Connection	Configuration
Client to PgCache	`tls_cert` and `tls_key` in config (PEM format)
PgCache to origin	`ssl_mode = "require"` or `"verify-full"` in `[origin]` section
PgCache to replication	`ssl_mode = "require"` or `"verify-full"` in `[replication]` section

require encrypts the connection without verifying the server certificate (suitable for self-signed certs). verify-full additionally verifies the certificate against trusted public CAs.

For Docker deployments, TLS certificates can be passed as base64-encoded environment variables (PGCACHE_TLS_CERT, PGCACHE_TLS_KEY).

Note: Channel binding must be disabled for client connections to PgCache. Set channel_binding=disable in your client connection string or library configuration.

Connection Pooler Compatibility

PgCache works alongside connection poolers like PgBouncer. A common pattern is:

Application connects to PgCache (caching proxy)
PgCache connects to PgBouncer for regular queries (via [origin])
PgCache connects directly to PostgreSQL for CDC replication (via [replication])

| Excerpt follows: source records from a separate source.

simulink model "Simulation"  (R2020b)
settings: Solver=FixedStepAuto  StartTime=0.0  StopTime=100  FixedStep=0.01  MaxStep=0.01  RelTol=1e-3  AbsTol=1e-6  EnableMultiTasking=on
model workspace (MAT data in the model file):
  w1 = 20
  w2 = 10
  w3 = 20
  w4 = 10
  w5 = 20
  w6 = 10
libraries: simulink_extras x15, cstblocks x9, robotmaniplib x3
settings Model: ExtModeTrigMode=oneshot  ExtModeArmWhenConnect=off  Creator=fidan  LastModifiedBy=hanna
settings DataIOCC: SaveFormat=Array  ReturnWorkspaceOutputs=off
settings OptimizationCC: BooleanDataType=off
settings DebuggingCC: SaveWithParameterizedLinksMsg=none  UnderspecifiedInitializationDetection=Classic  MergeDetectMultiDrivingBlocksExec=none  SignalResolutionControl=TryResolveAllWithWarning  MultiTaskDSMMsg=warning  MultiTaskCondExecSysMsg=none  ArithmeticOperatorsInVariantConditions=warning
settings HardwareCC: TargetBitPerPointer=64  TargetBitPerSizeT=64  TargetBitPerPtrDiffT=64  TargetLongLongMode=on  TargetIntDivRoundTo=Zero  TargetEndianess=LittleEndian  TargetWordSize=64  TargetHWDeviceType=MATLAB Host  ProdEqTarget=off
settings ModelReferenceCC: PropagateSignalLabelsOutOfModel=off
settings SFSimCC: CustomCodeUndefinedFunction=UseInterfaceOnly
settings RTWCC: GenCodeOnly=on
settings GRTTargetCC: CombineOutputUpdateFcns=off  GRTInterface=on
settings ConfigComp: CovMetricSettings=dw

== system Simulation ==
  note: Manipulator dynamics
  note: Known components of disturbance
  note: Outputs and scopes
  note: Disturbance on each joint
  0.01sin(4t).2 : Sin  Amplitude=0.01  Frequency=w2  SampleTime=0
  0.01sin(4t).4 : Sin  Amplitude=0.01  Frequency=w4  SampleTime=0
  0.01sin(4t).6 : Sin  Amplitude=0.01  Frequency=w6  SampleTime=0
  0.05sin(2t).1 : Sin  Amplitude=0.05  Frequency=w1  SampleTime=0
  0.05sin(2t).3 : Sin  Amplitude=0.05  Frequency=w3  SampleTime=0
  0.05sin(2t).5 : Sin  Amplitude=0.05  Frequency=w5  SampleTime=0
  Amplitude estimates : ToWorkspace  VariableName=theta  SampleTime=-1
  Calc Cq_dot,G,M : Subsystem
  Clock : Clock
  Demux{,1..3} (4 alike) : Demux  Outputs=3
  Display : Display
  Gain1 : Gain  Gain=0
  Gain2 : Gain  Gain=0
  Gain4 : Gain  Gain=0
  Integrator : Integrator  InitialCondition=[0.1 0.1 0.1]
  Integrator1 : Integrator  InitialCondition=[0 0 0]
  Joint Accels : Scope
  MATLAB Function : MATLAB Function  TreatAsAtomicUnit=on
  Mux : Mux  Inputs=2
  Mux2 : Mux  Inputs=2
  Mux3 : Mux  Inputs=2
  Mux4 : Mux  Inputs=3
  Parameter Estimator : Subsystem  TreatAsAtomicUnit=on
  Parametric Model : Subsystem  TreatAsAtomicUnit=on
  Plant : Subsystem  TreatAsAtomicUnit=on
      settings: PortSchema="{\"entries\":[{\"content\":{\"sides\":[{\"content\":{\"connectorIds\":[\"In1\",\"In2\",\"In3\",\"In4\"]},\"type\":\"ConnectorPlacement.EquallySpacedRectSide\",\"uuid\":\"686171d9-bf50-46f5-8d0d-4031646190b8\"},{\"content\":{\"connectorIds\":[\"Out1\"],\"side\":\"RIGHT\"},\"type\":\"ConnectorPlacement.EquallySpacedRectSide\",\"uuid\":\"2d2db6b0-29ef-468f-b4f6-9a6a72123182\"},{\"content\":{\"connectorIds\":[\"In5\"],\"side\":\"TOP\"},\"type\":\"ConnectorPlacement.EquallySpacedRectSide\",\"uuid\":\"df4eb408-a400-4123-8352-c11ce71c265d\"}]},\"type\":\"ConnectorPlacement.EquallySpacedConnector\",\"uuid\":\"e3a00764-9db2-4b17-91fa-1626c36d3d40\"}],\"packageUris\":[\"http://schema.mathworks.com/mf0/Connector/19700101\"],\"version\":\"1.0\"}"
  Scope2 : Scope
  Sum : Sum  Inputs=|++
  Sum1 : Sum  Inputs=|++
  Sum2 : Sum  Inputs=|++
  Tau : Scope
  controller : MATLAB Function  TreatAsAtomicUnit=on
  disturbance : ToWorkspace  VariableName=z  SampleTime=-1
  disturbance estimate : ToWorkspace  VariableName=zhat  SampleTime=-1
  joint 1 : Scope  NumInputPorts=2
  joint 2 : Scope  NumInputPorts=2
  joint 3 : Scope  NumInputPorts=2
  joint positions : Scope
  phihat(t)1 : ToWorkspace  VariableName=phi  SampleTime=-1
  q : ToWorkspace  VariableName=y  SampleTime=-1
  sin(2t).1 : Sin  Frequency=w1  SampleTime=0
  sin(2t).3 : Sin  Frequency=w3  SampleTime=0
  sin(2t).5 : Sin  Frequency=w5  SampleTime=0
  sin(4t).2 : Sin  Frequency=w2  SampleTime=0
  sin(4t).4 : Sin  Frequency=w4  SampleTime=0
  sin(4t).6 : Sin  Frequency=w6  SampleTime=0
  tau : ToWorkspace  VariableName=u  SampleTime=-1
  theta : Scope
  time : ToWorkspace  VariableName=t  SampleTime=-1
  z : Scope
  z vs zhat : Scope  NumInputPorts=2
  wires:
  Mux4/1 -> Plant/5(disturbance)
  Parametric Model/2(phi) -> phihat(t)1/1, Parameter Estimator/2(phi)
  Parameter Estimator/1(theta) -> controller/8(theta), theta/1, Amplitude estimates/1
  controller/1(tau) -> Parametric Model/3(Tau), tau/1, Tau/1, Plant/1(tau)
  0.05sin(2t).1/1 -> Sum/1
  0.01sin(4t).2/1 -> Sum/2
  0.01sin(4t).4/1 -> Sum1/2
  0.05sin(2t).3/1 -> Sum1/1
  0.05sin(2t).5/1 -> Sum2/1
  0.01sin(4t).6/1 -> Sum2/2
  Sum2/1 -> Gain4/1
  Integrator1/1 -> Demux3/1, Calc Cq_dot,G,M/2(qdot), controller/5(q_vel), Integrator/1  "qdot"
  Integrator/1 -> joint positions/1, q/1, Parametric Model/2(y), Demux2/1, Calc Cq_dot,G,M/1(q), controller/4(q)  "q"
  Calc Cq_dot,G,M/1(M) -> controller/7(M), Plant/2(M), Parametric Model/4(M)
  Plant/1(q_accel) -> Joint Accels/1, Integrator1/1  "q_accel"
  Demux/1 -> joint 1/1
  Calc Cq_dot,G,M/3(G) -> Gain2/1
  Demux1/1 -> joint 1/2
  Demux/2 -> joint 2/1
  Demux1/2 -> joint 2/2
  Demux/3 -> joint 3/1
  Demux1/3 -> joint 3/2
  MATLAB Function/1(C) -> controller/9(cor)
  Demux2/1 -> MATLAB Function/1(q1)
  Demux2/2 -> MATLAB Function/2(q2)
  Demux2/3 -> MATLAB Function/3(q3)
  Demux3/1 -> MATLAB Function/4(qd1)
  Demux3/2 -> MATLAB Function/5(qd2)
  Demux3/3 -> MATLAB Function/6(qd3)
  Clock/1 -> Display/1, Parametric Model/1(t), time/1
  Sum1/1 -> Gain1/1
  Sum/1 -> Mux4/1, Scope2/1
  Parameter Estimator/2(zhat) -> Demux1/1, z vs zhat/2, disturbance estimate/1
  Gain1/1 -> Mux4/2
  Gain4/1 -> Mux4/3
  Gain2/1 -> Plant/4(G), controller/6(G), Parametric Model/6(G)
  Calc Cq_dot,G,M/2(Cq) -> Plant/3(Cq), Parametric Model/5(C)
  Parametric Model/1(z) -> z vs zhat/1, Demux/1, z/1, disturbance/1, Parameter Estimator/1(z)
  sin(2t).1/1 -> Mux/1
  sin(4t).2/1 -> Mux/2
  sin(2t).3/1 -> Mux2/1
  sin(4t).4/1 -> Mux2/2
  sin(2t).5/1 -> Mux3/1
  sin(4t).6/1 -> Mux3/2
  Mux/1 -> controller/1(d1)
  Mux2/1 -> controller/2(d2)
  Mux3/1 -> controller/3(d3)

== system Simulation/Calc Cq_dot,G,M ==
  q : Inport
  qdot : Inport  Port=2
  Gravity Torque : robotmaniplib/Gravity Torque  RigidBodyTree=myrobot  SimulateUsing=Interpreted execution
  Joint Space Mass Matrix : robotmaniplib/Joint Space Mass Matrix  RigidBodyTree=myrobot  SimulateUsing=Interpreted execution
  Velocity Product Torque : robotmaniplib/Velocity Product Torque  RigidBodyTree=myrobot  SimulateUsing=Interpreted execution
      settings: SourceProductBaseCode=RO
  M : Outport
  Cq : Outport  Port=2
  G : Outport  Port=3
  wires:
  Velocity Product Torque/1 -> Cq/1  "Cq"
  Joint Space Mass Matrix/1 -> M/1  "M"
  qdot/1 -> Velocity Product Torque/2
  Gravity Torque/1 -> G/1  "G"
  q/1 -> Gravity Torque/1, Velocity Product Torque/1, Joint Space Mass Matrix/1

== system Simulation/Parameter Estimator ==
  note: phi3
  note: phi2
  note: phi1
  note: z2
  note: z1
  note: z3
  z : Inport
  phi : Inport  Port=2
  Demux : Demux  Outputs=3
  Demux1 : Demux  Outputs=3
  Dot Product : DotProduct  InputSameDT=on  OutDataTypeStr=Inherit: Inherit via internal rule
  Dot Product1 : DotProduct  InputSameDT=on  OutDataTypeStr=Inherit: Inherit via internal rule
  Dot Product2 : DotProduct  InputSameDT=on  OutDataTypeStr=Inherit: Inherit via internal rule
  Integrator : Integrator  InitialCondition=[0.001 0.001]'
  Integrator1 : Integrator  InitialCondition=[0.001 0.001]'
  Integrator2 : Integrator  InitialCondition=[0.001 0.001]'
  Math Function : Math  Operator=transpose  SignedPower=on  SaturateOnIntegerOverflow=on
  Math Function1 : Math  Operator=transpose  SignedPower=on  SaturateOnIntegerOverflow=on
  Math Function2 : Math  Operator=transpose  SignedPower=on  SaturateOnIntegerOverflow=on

This is configured using the [replication] section to override the origin connection for logical replication, which requires a direct PostgreSQL connection.

[origin]
host = "pgbouncer.example.com"
port = 6432
user = "app_user"
database = "myapp"

[replication]
host = "postgres-direct.example.com"
port = 5432

Known Limitations

Row-Level Security (RLS): RLS is not yet supported. Until support lands, queries against tables with RLS enabled should be excluded from caching at the application or configuration level — pgcache does not currently detect RLS-enabled tables on its own, so cached results would not respect per-role policies.
Read-after-write: Inside a transaction every query is forwarded to the origin, so a session always sees its own writes. Outside a transaction, cached reads reflect a write only after logical replication catches up (typical replication lag). See How Caching Works → Consistency Guarantees for the full model. A stronger read-after-write guarantee is in active development.
Schema changes (DDL): PgCache tracks row changes, not DDL. Most schema changes are handled transparently, but dropping a table, or attaching or detaching a partition that already holds rows, is not observed via logical replication and can serve stale results for the affected tables.
Cache reset on startup: The cache database is fully reset each time PgCache starts. This ensures a clean state but means the cache is cold after a restart.
Single-node: PgCache runs as a single process with an embedded cache. There is no distributed cache or multi-node support.
COPY protocol: The PostgreSQL COPY protocol is not proxied through PgCache.
LISTEN/NOTIFY: PostgreSQL asynchronous notifications are not proxied.
Replication management: PgCache creates and manages its own publication and replication slot on the origin. If PgCache is down for an extended period, WAL can accumulate on the origin. Monitor pg_replication_slots on the origin.